● **TASK STATEMENT**
Wherever the string "SSOP" appears in the records, return the line that holds it.

● **RECORDS PROVIDED**
○ ○ ○

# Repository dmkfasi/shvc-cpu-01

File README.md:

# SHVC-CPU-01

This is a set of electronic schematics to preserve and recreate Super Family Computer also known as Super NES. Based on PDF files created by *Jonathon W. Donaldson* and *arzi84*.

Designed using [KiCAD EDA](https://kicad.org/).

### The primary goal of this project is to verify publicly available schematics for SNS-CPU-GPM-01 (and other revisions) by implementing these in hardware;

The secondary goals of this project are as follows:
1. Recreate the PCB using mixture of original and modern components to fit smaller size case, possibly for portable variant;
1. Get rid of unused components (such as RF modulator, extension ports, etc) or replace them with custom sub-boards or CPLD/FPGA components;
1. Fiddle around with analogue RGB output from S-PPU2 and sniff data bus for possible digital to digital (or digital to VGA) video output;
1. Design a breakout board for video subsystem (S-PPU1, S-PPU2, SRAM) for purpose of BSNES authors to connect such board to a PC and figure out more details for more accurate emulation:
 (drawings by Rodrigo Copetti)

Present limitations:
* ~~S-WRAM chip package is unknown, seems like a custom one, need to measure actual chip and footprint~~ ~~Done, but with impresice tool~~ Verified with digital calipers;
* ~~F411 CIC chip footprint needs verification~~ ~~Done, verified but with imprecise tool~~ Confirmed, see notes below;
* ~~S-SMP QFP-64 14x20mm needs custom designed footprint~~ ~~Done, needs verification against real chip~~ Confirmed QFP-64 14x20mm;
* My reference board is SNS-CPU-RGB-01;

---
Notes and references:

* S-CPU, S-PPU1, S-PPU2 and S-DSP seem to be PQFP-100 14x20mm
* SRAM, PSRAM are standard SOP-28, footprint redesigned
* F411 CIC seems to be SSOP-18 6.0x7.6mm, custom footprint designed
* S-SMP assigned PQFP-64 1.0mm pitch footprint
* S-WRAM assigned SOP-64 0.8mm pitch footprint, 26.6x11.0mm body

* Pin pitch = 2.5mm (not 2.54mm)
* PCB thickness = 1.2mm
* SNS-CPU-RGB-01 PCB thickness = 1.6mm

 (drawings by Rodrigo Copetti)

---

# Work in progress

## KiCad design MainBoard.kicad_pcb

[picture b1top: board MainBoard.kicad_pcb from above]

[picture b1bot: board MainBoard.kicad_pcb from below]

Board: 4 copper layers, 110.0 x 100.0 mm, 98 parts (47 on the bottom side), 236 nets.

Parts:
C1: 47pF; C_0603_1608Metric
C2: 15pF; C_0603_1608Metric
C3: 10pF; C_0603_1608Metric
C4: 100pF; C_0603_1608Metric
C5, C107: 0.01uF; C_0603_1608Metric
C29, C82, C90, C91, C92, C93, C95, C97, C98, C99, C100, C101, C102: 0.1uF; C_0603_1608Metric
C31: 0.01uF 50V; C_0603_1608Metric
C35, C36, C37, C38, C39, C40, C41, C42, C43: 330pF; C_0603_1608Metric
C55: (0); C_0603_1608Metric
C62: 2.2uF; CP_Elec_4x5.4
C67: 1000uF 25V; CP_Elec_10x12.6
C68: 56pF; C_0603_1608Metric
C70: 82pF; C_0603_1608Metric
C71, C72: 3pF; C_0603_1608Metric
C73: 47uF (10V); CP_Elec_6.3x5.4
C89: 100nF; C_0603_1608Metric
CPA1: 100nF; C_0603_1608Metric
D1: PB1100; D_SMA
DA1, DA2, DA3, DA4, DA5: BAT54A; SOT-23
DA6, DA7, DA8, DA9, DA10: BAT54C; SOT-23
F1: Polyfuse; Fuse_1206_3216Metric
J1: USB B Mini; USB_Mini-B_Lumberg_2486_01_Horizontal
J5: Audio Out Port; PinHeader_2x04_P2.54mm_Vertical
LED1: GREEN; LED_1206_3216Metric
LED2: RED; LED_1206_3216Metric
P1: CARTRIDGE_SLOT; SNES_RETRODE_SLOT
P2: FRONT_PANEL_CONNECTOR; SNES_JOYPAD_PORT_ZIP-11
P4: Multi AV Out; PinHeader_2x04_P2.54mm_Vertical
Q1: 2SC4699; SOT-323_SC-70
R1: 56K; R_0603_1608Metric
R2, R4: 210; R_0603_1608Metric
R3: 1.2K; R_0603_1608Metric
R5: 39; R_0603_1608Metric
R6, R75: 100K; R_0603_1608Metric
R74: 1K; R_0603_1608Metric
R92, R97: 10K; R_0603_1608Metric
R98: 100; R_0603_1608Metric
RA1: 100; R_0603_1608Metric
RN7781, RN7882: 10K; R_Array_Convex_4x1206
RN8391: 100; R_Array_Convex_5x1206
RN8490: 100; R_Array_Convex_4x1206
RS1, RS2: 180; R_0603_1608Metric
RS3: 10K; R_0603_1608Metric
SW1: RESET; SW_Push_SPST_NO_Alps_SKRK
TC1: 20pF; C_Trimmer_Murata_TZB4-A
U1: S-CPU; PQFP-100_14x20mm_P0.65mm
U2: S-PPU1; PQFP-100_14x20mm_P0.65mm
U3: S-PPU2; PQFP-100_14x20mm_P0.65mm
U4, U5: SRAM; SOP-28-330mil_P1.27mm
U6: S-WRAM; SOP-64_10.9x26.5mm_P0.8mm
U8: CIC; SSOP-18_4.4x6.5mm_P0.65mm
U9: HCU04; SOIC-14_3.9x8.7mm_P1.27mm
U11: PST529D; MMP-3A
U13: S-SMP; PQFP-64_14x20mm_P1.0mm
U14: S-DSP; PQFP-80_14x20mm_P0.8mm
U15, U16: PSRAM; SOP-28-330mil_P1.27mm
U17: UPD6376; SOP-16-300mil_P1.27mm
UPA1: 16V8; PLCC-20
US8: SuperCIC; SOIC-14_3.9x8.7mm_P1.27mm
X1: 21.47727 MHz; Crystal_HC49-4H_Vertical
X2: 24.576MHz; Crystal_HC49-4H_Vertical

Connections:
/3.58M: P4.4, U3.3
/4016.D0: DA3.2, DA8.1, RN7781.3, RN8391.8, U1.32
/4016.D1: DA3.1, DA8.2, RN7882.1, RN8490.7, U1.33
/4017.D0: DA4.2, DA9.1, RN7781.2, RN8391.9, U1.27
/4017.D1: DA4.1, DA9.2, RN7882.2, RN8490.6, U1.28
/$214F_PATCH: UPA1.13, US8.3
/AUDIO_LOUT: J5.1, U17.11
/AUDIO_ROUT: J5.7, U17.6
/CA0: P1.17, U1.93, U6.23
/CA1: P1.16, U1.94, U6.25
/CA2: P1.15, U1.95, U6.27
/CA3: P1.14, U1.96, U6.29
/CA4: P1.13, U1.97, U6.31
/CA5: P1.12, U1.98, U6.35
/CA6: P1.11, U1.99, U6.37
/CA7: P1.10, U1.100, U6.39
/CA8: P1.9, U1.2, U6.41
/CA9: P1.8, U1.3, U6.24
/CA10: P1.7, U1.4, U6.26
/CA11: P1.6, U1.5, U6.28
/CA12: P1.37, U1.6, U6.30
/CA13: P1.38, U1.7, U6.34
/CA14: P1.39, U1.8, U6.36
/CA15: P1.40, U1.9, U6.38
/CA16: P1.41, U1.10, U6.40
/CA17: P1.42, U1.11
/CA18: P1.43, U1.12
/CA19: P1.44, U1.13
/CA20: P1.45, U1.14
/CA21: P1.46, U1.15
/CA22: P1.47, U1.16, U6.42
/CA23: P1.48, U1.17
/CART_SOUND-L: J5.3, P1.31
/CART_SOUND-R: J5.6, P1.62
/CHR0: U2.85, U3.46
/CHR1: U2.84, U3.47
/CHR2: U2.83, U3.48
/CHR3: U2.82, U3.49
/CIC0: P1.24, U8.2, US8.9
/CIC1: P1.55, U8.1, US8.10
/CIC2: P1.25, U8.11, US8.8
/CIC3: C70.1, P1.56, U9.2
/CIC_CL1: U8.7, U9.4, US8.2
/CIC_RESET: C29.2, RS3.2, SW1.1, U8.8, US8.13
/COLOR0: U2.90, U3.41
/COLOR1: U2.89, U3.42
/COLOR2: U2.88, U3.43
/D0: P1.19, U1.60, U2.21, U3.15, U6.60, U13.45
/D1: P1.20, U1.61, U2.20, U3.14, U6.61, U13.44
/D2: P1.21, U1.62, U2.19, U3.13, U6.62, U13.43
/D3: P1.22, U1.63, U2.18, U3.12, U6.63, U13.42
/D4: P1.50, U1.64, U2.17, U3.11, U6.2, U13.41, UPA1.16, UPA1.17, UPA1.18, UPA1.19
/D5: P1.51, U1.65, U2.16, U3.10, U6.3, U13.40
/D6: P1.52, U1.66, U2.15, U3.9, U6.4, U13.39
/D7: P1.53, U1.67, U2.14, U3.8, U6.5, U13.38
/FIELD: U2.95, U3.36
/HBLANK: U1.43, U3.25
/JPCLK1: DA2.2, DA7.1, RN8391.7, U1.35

○ ○ ○

● **ANSWER FOR THIS EXERCISE**
* F411 CIC seems to be SSOP-18 6.0x7.6mm, custom footprint designed
U8: CIC; SSOP-18_4.4x6.5mm_P0.65mm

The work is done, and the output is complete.